PS: i have included a recent pic of my temps on my current computer.  Channel 9 is actual room temp.


----------



## Cndmeatshield (Jun 12, 2013)

*More goodies*

This week I have received the koolance TMS 205 water computer with EB, two inline flow meters * FM17N* and one inline temp monitor* XSPC LCD temp sensor*,  Purple Lighting,  EK Supremacy Full Copper water block, XSPC Xbox 360 water block and a boatload of QD3's in both g1/4' and 13X19mm compression fittings

I'm now waiting for the two Zalman rez units, a replacement GTX 480 and i think that is it for items.. I'll do a finally tally. 

Now for build.  I'll have a better idea after this weekend.  The base of the computer has gone between 1/2" plexi to 1/4" steel water jet cut but I'm looking for the best price. 
Hope you enjoy and i'll keep you posted. 

CS


----------



## Cndmeatshield (Jun 19, 2013)

*June 19 Update*

Update: I've got the lower part of my box waterjet cut and found some very cheap wire meshing.  Speaker cabinet that houses subs and other speakers are a great place to get mesh from.   Here in Toronto we have Active Surplus, i got 3 20"X20" sheets for $9 each.  
I'm doing the teardown and removal of the rivets this week.  
I also had 2 side tables water jet cut as well and will be building them as well. 
*on the jpg I am missing two sides for one box,  I had them cut a while back as a test*
here is a short render of the lower part of my media box, Media Box - YouTube

Hope you enjoy and i'll post more and hopefully do a video. 
thanks
CS


----------



## Cndmeatshield (Jun 20, 2013)

*June 20 Update*

Disassembled the chassis and marked cutting points and fitted the base to make sure I know where to weld.  
I also got a quote back for copper platting and it's WAY affordable *$120* for everything I need. And it will have a coating so it doesn't green on me. 
I'll post more when I start cutting and fab more. 
I have decided that the top will be cut open, welded with mech and copper platted. I will then flat black paint the top and outer edges with the underside *inside of the case* and mesh will stay copper. 
I'll render it out when I can. 

hope you enjoy  
CS


----------



## Cndmeatshield (Jun 21, 2013)

*June 21 Update*

Hello all and happy longest day of the year... or they say .. I cant seen to find enough time today...  
here's a bunch of pictures for today. 
I cut and found out that the mesh is WAY!!!! harder then the case metal.  I went through 2 dremel disks just today only.  

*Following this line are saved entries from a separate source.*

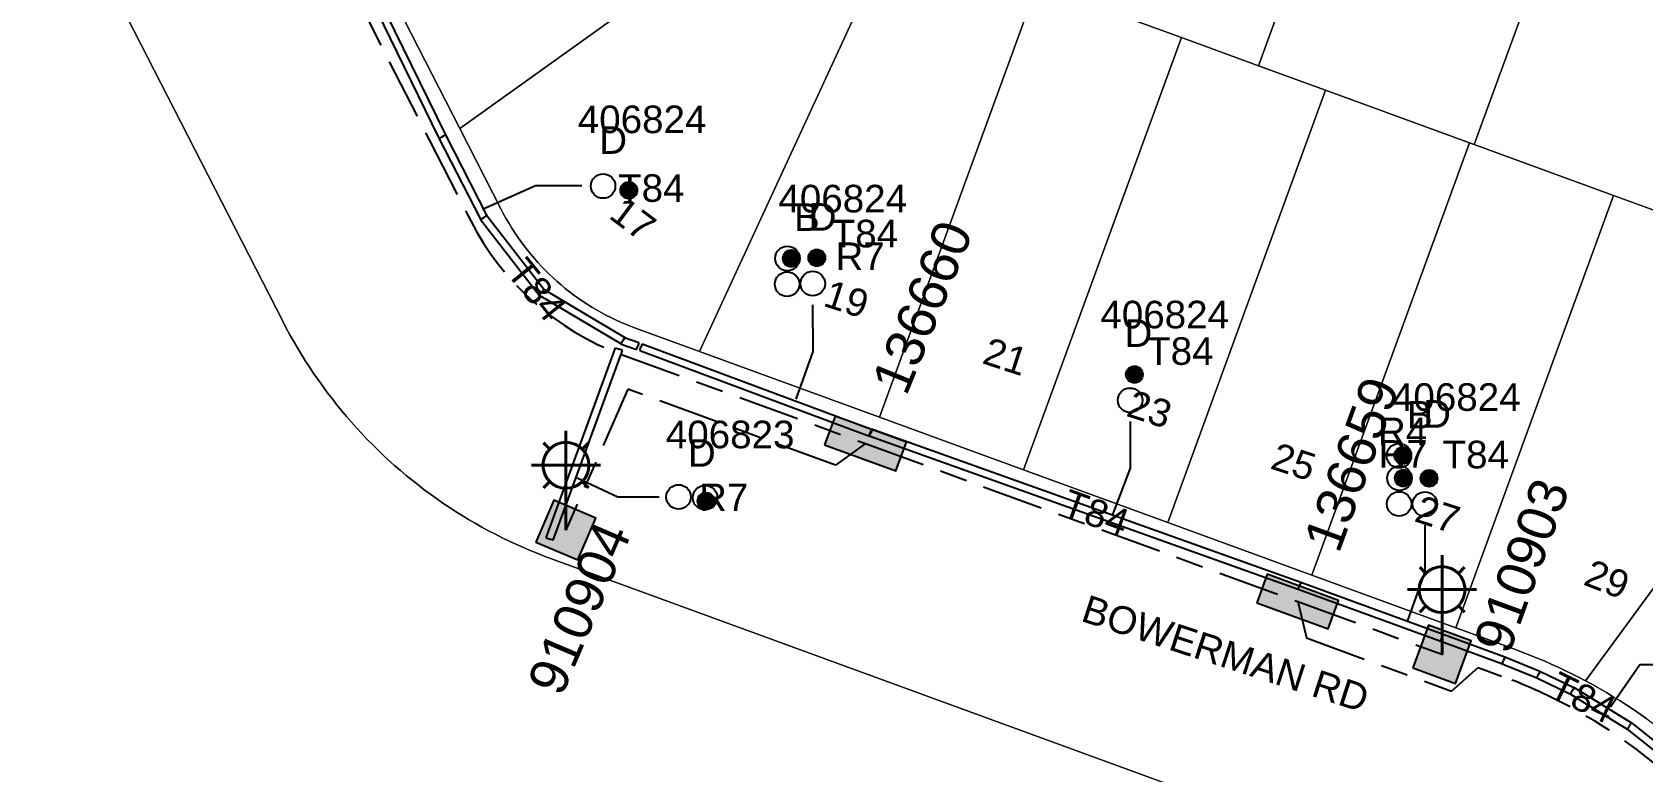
# Model space of a CAD drawing. Header units: metres. Extents: x 289087 to 291245, y 6227587 to 6229773.
# Drawn here: x 290212.5 to 290317.5, y 6228965.2 to 6229013.4 of the extents above; entities that cross this region are included whole.
import ezdxf
from ezdxf.enums import TextEntityAlignment as Align

# ---------------------------------------------------------------- set-up
doc = ezdxf.new("R2010")
doc.units = ezdxf.units.M
doc.linetypes.add('Cable Exist UG', pattern=[8.2, 4, -1.2, 1.8, -1.2])
for name, color, linetype in [('_User Ducts Config', 7, 'Continuous'), ('Duct_SP_EXT', 7, 'Continuous'), ('Equip_SP_SL_EXT', 7, 'Continuous'), ('Mains_LV_EXT', 7, 'Continuous'), ('Mains_LV_SL_EXT', 7, 'Continuous'), ('SupportsUG_SP_LV_EXT', 7, 'Continuous'), ('SupportsUG_SP_LV_SL_EXT', 7, 'Continuous')]:
    doc.layers.add(name, color=color, linetype=linetype)
doc.layers.add('Cadastre Land Parcels_SP_EXT', color=9, linetype='Continuous', lineweight=5)
doc.layers.add('Cadastre Roads_SP_EXT', color=9, linetype='Continuous', lineweight=5)
doc.styles.add('COLUMN_LABEL', font='arial.ttf')
doc.styles.add('iecARIAL', font='arial.ttf', dxfattribs={"height": 2})
doc.styles.add('POLE_LABEL', font='arial.ttf')
doc.styles.get("Standard").update_dxf_attribs({"font": 'arial.ttf'})

# ---------------------------------------------------------------- blocks, each defined once
blk = doc.blocks.new('COLUMN_EXT')
blk.add_hatch(color=256).paths.add_polyline_path([(-1.49, 1.48), (-1.49, -1.49), (1.48, -1.49), (1.48, 1.48)])
blk.add_lwpolyline([(-1.49, -1.49), (1.48, -1.49), (1.48, 1.48), (-1.49, 1.48)], close=True)
for tag, height, style, flags, p in [('ASSET_NUM', 2.5, 'COLUMN_LABEL', 8, (2, 2)), ('STRUCTURE_PLANT_NUMBER', 0.2, 'POLE_LABEL', 9, (1.81, 0.03)), ('STREET_CODE', 0.2, 'COLUMN_LABEL', 9, (1.81, -0.2))]:
    blk.add_attdef(tag, text='', height=height, dxfattribs=dict(style=style, flags=flags)).set_placement(p, align=Align.MIDDLE_LEFT)
at = {"flags": 9}
for tag, p in [('COLUMN_TYPE', (1.81, -0.4)), ('OWNED_BY', (1.81, -0.6)), ('STATE', (1.81, -0.8)), ('USAGE', (1.81, -1)), ('STREETNAME', (1.81, -1.6)), ('SUBURB', (1.81, -1.8)), ('LEGEND', (1.81, -1.2)), ('LOCATION', (1.81, -1.4)), ('NOTES', (1.81, -2))]:
    blk.add_attdef(tag, text='', height=0.2, dxfattribs=at).set_placement(p, align=Align.MIDDLE_LEFT)
at = {"flags": 1}
blk.add_attdef('Z', (1.81, -2.35), '', height=0.2, dxfattribs=at)
blk = doc.blocks.new('PILLAR_EXT')
blk.add_hatch(color=256).paths.add_polyline_path([(-2.475, 0.99), (-2.475, -0.99), (2.475, -0.99), (2.475, 0.99)])
blk.add_lwpolyline([(-2.475, -0.99), (2.475, -0.99), (2.475, 0.99), (-2.475, 0.99)], close=True)
at = {"style": 'iecARIAL', "flags": 8}
blk.add_attdef('ASSET_NUM', (1.5, 3.5), '', height=2.5, dxfattribs=at)
for tag, p, flags in [('OWNED_BY', (0, -0.2), 9), ('STATE', (0, -0.4), 9), ('SUPPORT_TYPE', (0, -0.6), 9), ('USAGE', (0, -0.8), 9), ('LEGEND', (0, -1), 9), ('LOCATION', (0, -1.2), 9), ('STREETNAME', (0, -1.8), 9), ('SUBURB', (0, -2), 1), ('NOTES', (0, -1.4), 9), ('PARENT', (0, -1.6), 9)]:
    blk.add_attdef(tag, p, '', height=0.2, dxfattribs=dict(flags=flags))
blk = doc.blocks.new('DUCT_EXT')
blk.add_circle((0, 0.8), 0.8)
at = {"flags": 1}
blk.add_attdef('Z', (0, 0), '', height=0.2, dxfattribs=at)
at = {"flags": 9}
for tag, p in [('DUCT_CODE', (0, 0)), ('XSECT_TYPE', (0, -0.2)), ('STATE', (0, -0.6)), ('FB_REFERENCE', (0, -0.4)), ('NOTES', (0, -0.8))]:
    blk.add_attdef(tag, text='', height=0.2, dxfattribs=at).set_placement(p, align=Align.MIDDLE_LEFT)
blk = doc.blocks.new('SL_LANTERN_EXT')
at = {"lineweight": 40}
for p, q in [((0, 1.97), (0, 6.47)), ((-1.46, 5.68), (-1.06, 5.28)), ((1.46, 5.68), (1.06, 5.28)), ((-2.25, 4.22), (2.25, 4.22)), ((-1.46, 2.76), (-1.06, 3.16)), ((1.46, 2.76), (1.06, 3.16)), ((0, 0), (0, 2.72))]:
    blk.add_line(p, q, dxfattribs=at)
blk.add_circle((0, 4.22), 1.5, dxfattribs=at)
at = {"style": 'iecARIAL', "flags": 9}
blk.add_attdef('ASSET_NUM', (1.5, 1.5), '', height=2.5, dxfattribs=at)
for tag, p, height, flags in [('CONSTRUCTED_VOLTAGE', (0.98, -0.65), 0.2, 9), ('CONTROL_TYPE', (0.98, -0.85), 0.2, 9), ('LANTERN_PURPOSE', (0.98, -1.05), 0.2, 9), ('LNUMBER', (2.18, -3.25), 2.5, 8), ('OPERATING_VOLTAGE', (0.98, -1.65), 0.2, 9), ('ORIENTATION', (0.98, -1.85), 0.2, 9), ('OWNED_BY', (0.98, -2.05), 0.2, 9), ('STATE', (0.98, -2.25), 0.2, 9), ('LANTERN_TYPE', (0.98, -1.25), 0.2, 9), ('NO_PHASES', (0.98, -1.45), 0.2, 9), ('USAGE', (0.98, -2.45), 0.2, 9), ('CEXIST', (0.98, -2.65), 0.2, 9), ('CNEW', (0.98, -2.85), 0.2, 9), ('CNUMBER', (0.98, -3.05), 0.2, 9), ('CREMOVE', (0.98, -3.25), 0.2, 9), ('CREPLACE', (0.98, -3.45), 0.2, 9), ('LKINGHEIGHT', (0.98, -3.65), 0.2, 9), ('LBRACKET', (0.98, -3.85), 0.2, 9), ('LBRACKETVOCAB', (0.98, -4.05), 0.2, 9), ('LCATEGORY', (0.98, -4.25), 0.2, 9), ('LCHARGE1', (0.98, -4.45), 0.2, 9), ('LCHARGE1PERCENT', (0.98, -4.65), 0.2, 9), ('LCHARGE2', (0.98, -4.85), 0.2, 9), ('LCHARGE2PERCENT', (0.98, -5.05), 0.2, 9), ('LCHARGE3', (0.98, -5.25), 0.2, 9), ('LCHARGE3PERCENT', (0.98, -5.45), 0.2, 9), ('LEXIST', (0.98, -5.65), 0.2, 9), ('LLAMP', (0.98, -5.85), 0.2, 9), ('LLAMPVOCAB', (0.98, -6.05), 0.2, 9), ('LMAST', (0.98, -6.25), 0.2, 9), ('LMASTVOCAB', (0.98, -6.45), 0.2, 9), ('LNEW', (0.98, -6.65), 0.2, 9), ('LANTNUMBER', (0.98, -6.85), 0.2, 9), ('LOUTREACH', (0.98, -7.25), 0.2, 9), ('LOUTREACHVOCAB', (0.98, -7.45), 0.2, 9), ('LRATECODE', (0.98, -7.65), 0.2, 9), ('LREMOVE', (0.98, -7.85), 0.2, 9), ('LREPLACE', (0.98, -8.05), 0.2, 9), ('LTYPE', (0.98, -8.25), 0.2, 9), ('LTYPEVOCAB', (0.98, -8.45), 0.2, 9), ('STREETNAME', (0.98, -9.25), 0.2, 9), ('SUBURB', (0.98, -9.45), 0.2, 1), ('LEGEND', (0.98, -8.65), 0.2, 9), ('LOCATION', (0.98, -8.85), 0.2, 9), ('NOTES', (0.98, -9.05), 0.2, 9)]:
    blk.add_attdef(tag, p, '', height=height, dxfattribs=dict(flags=flags))
blk = doc.blocks.new('CABLE_LARGE_EXT')
h = blk.add_hatch(color=256)
edge = h.paths.add_edge_path()
edge.add_arc((0, 0.55), 0.55, 0, 360)
blk.add_circle((0, 0.55), 0.55)
at = {"flags": 1}
blk.add_attdef('Z', (0, 0), '', height=0.2, dxfattribs=at)
at = {"flags": 9}
for tag, p in [('COND_CODE', (0, 0)), ('STATE', (0, -0.4)), ('XSECT_SIZE', (0, -0.6)), ('FB_REFERENCE', (0, -0.2)), ('NOTES', (0, -0.8))]:
    blk.add_attdef(tag, text='', height=0.2, dxfattribs=at).set_placement(p, align=Align.MIDDLE_LEFT)

msp = doc.modelspace()

# ---------------------------------------------------------------- linework, layer by layer
at = {"layer": '_User Ducts Config'}
for points in [[(290248.37, 6229003.4), (290245.34, 6229003.4), (290241.9, 6229001.86)], [(290263.41, 6228995.64), (290263.42, 6228992.61), (290262.32, 6228989.49)], [(290284.11, 6228988.03), (290284.11, 6228985), (290282.94, 6228981.91)], [(290253.41, 6228983.11), (290250.72, 6228983.11), (290248.06, 6228984.35)], [(290303.32, 6228981.27), (290303.33, 6228978.24), (290302.18, 6228974.99)], [(290320.37, 6228972.16), (290317.34, 6228972.16), (290315.43, 6228969.4)]]:
    msp.add_lwpolyline(points, dxfattribs=at)
at = {"layer": 'Cadastre Land Parcels_SP_EXT', "linetype": 'Continuous'}
for points in [[(290302.75, 6229039.43), (290288.66, 6229044.58), (290278.38, 6229016.39), (290287.45, 6229013.07), (290292.47, 6229011.24), (290302.75, 6229039.43)], [(290316.84, 6229034.28), (290302.75, 6229039.43), (290292.47, 6229011.24), (290296.84, 6229009.64), (290306.24, 6229006.21), (290306.55, 6229006.09), (290316.84, 6229034.28)], [(290330.93, 6229029.13), (290316.84, 6229034.28), (290306.55, 6229006.09), (290315.63, 6229002.77), (290320.64, 6229000.94), (290330.93, 6229029.13)], [(290261.78, 6229022.45), (290257.2, 6229031.41), (290234.06, 6229019.55), (290240.41, 6229007.15), (290261.78, 6229022.45)], [(290278.06, 6229016.51), (290268.67, 6229019.94), (290256.03, 6228992.6), (290267.77, 6228988.31), (290278.06, 6229016.51)], [(290287.45, 6229013.07), (290278.38, 6229016.39), (290278.06, 6229016.51), (290267.77, 6228988.31), (290277.16, 6228984.88), (290287.45, 6229013.07)], [(290296.84, 6229009.64), (290292.47, 6229011.24), (290287.45, 6229013.07), (290277.16, 6228984.88), (290286.56, 6228981.45), (290296.84, 6229009.64)], [(290306.24, 6229006.21), (290296.84, 6229009.64), (290286.56, 6228981.45), (290295.95, 6228978.01), (290306.24, 6229006.21)], [(290315.63, 6229002.77), (290306.55, 6229006.09), (290306.24, 6229006.21), (290295.95, 6228978.01), (290305.34, 6228974.58), (290315.63, 6229002.77)], [(290332.48, 6228996.61), (290320.64, 6229000.94), (290315.63, 6229002.77), (290305.34, 6228974.58), (290309.24, 6228973.16), (290309.71, 6228972.98), (290310.18, 6228972.8), (290310.64, 6228972.61), (290311.1, 6228972.42), (290311.55, 6228972.22), (290312.01, 6228972.01), (290312.46, 6228971.8), (290312.91, 6228971.58), (290313.35, 6228971.36), (290313.79, 6228971.13), (290332.48, 6228996.61)], [(290344.97, 6228984.95), (290341.24, 6228989.67), (290332.48, 6228996.61), (290313.79, 6228971.13), (290314.25, 6228970.88), (290314.71, 6228970.62), (290315.16, 6228970.36), (290315.61, 6228970.09), (290316.05, 6228969.82), (290316.49, 6228969.54), (290316.93, 6228969.25), (290317.36, 6228968.95), (290317.79, 6228968.65), (290318.21, 6228968.35), (290318.63, 6228968.03), (290319.05, 6228967.71), (290319.46, 6228967.39), (290319.86, 6228967.06), (290320.26, 6228966.72), (290320.65, 6228966.38), (290321.05, 6228966.03), (290344.97, 6228984.95)]]:
    msp.add_lwpolyline(points, close=True, dxfattribs=at)
for points in [[(290303.76, 6228958.11), (290246.38, 6228979.09), (290245.91, 6228979.26), (290245.45, 6228979.44), (290244.99, 6228979.63), (290244.53, 6228979.83), (290244.07, 6228980.03), (290243.62, 6228980.24), (290243.17, 6228980.46), (290242.73, 6228980.68), (290242.29, 6228980.91), (290241.85, 6228981.15), (290241.41, 6228981.4), (290240.98, 6228981.65), (290240.56, 6228981.91), (290240.14, 6228982.17), (290239.72, 6228982.44), (290239.31, 6228982.72), (290238.89, 6228983.01), (290238.49, 6228983.3), (290238.09, 6228983.59), (290237.69, 6228983.9), (290237.3, 6228984.21), (290236.92, 6228984.52), (290236.54, 6228984.84), (290236.16, 6228985.17), (290235.79, 6228985.5), (290235.42, 6228985.84), (290235.06, 6228986.19), (290234.71, 6228986.54), (290234.36, 6228986.89), (290234.02, 6228987.26), (290233.68, 6228987.62), (290233.35, 6228987.99), (290233.02, 6228988.37), (290232.7, 6228988.75), (290232.38, 6228989.14), (290232.08, 6228989.53), (290231.77, 6228989.93), (290231.48, 6228990.33), (290231.19, 6228990.73), (290230.9, 6228991.14), (290230.63, 6228991.56), (290230.36, 6228991.98), (290230.09, 6228992.4), (290229.83, 6228992.83), (290229.58, 6228993.26), (290229.34, 6228993.69), (290229.1, 6228994.13), (290228.87, 6228994.57), (290212.53, 6229026.5)], [(290261.78, 6229022.45), (290240.41, 6229007.15), (290243.11, 6229001.87), (290243.27, 6229001.56), (290243.44, 6229001.25), (290243.62, 6229000.95), (290243.81, 6229000.65), (290243.99, 6229000.35), (290244.19, 6229000.06), (290244.4, 6228999.77), (290244.61, 6228999.49), (290244.82, 6228999.21), (290245.04, 6228998.94), (290245.27, 6228998.67), (290245.5, 6228998.41), (290245.74, 6228998.15), (290245.99, 6228997.89), (290246.24, 6228997.65), (290246.49, 6228997.4), (290246.75, 6228997.17), (290247.02, 6228996.94), (290247.29, 6228996.71), (290247.57, 6228996.5), (290247.85, 6228996.28), (290248.13, 6228996.08), (290248.42, 6228995.88), (290248.72, 6228995.68), (290249.02, 6228995.5), (290249.32, 6228995.32), (290249.63, 6228995.14), (290249.94, 6228994.98), (290250.25, 6228994.82), (290250.57, 6228994.67), (290250.89, 6228994.52), (290251.21, 6228994.38), (290251.54, 6228994.25), (290251.86, 6228994.13), (290256.03, 6228992.6), (290268.67, 6229019.94)]]:
    msp.add_lwpolyline(points, dxfattribs=at)
at = {"layer": 'Cadastre Roads_SP_EXT', "linetype": 'Continuous'}
for points in [[(290212.53, 6229026.5), (290228.87, 6228994.57), (290229.1, 6228994.13), (290229.34, 6228993.69), (290229.58, 6228993.26), (290229.83, 6228992.83), (290230.09, 6228992.4), (290230.36, 6228991.98), (290230.63, 6228991.56), (290230.9, 6228991.14), (290231.19, 6228990.73), (290231.48, 6228990.33), (290231.77, 6228989.93), (290232.08, 6228989.53), (290232.38, 6228989.14), (290232.7, 6228988.75), (290233.02, 6228988.37), (290233.35, 6228987.99), (290233.68, 6228987.62), (290234.02, 6228987.26), (290234.36, 6228986.89), (290234.71, 6228986.54), (290235.06, 6228986.19), (290235.42, 6228985.84), (290235.79, 6228985.5), (290236.16, 6228985.17), (290236.54, 6228984.84), (290236.92, 6228984.52), (290237.3, 6228984.21), (290237.69, 6228983.9), (290238.09, 6228983.59), (290238.49, 6228983.3), (290238.89, 6228983.01), (290239.31, 6228982.72), (290239.72, 6228982.44), (290240.14, 6228982.17), (290240.56, 6228981.91), (290240.98, 6228981.65), (290241.41, 6228981.4), (290241.85, 6228981.15), (290242.29, 6228980.91), (290242.73, 6228980.68), (290243.17, 6228980.46), (290243.62, 6228980.24), (290244.07, 6228980.03), (290244.53, 6228979.83), (290244.99, 6228979.63), (290245.45, 6228979.44), (290245.91, 6228979.26), (290246.38, 6228979.09), (290303.76, 6228958.11)], [(290317.79, 6228968.65), (290317.36, 6228968.95), (290316.93, 6228969.25), (290316.49, 6228969.54), (290316.05, 6228969.82), (290315.61, 6228970.09), (290315.16, 6228970.36), (290314.71, 6228970.62), (290314.25, 6228970.88), (290313.79, 6228971.13), (290313.35, 6228971.36), (290312.91, 6228971.58), (290312.46, 6228971.8), (290312.01, 6228972.01), (290311.55, 6228972.22), (290311.1, 6228972.42), (290310.64, 6228972.61), (290310.18, 6228972.8), (290309.71, 6228972.98), (290309.24, 6228973.16), (290305.34, 6228974.58), (290295.95, 6228978.01), (290286.56, 6228981.45), (290277.16, 6228984.88), (290267.77, 6228988.31), (290256.03, 6228992.6), (290251.86, 6228994.13), (290251.54, 6228994.25), (290251.21, 6228994.38), (290250.89, 6228994.52), (290250.57, 6228994.67), (290250.25, 6228994.82), (290249.94, 6228994.98), (290249.63, 6228995.14), (290249.32, 6228995.32), (290249.02, 6228995.5), (290248.72, 6228995.68), (290248.42, 6228995.88), (290248.13, 6228996.08), (290247.85, 6228996.28), (290247.57, 6228996.5), (290247.29, 6228996.71), (290247.02, 6228996.94), (290246.75, 6228997.17), (290246.49, 6228997.4), (290246.24, 6228997.65), (290245.99, 6228997.89), (290245.74, 6228998.15), (290245.5, 6228998.41), (290245.27, 6228998.67), (290245.04, 6228998.94), (290244.82, 6228999.21), (290244.61, 6228999.49), (290244.4, 6228999.77), (290244.19, 6229000.06), (290243.99, 6229000.35), (290243.81, 6229000.65), (290243.62, 6229000.95), (290243.44, 6229001.25), (290243.27, 6229001.56), (290243.11, 6229001.87), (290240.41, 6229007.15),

EVERY piece of this box will be modded in some way or form. 
I have decided to cut the back out of this box like it is on the front. *sides*
the rear of the motherboard tray will be meshed over as well to give a very unique look.  
hope you like the pics.  I'll post more when I get a chance
Rumor has it I'm back on in set of Pompeii for Sat and Sunday. LOTS of ash in this movie  
lol 

CS


----------



## Cndmeatshield (Jun 26, 2013)

*June 25 update*

Well some changes, i opened up the openings in the rear more for a cleaner look of the mesh
I also cut the mesh for the rear of the CPU mounting board as the rear of the box will have clear plexie you will see the round copper mesh. 
I recreated a square mesh that goes up front. 

Now for two more BIG cuts. The top and the rear door will hopefully get done when I do the welding.    I'd like to get this done and out to get platted b4 the long weekend as i'm away for the week after for a wedding...

well here's hoping  

Enjoy the pics. 
More later. 
CS


----------



## Cndmeatshield (Jun 29, 2013)

*June 28 update*

Well I can still weld.. not well but well enough and with the help of my buddy Dave i have a very cool base.  
There are the other parts i finished.  Now just some light prep on the welds and clean up and rough edges.  
Sadly I did not get a few things cut as I was hoping to use the plasma cutter but it was not available.  So I will wait for the next time an opportunity.  

Enjoy 
CS


----------



## t_ski (Jun 29, 2013)

Wish you would post your pics with IMG tags instead of as attachments.


----------



## shovenose (Jun 29, 2013)

t_ski said:


> Wish you would post your pics with IMG tags instead of as attachments.



I actually like the attachments  a bit slow to load but better in the long run


----------



## Cndmeatshield (Jul 21, 2013)

hey there all
Sorry for not posting for a good while but film has taken all of my time.. 
oh well.  
I have put a little more thought into the Media box build and will take my time over the course of the show I'm on.  
In the mean time I did take a day and THOROUGHLY clean out my current computer.  The hoses were grimy and had growth in them...  not sure why as I have used the correct biocide and did a water change in May.   I also took time to change over the hose that i used as it went HARD. At the original time of the build I ran short on hose so I bought more from a another dealer and this is what happened, it turned color and went hard.  Now it the the new hose it's all same color and soft.  
I also removed the bad video card and left the good one still in place. I will add the replacement water cooled GTX480 in the near future.  I've had the replacement working well on my OLD duel core XP computer *my media box*. I also replaced the CPU EK water block to the new version of the same block and getting better flow as the flow plate opening is WAY larger.  current temps have not been affected at all.  I'm still running 3-7C above ambient temp *under load* with a good over clock.  Here's some sludge found in the CPU water block after 14 months after install.  

I hope to post more on the media box build when I get a chance.
CS

Enjoy the pictures.


----------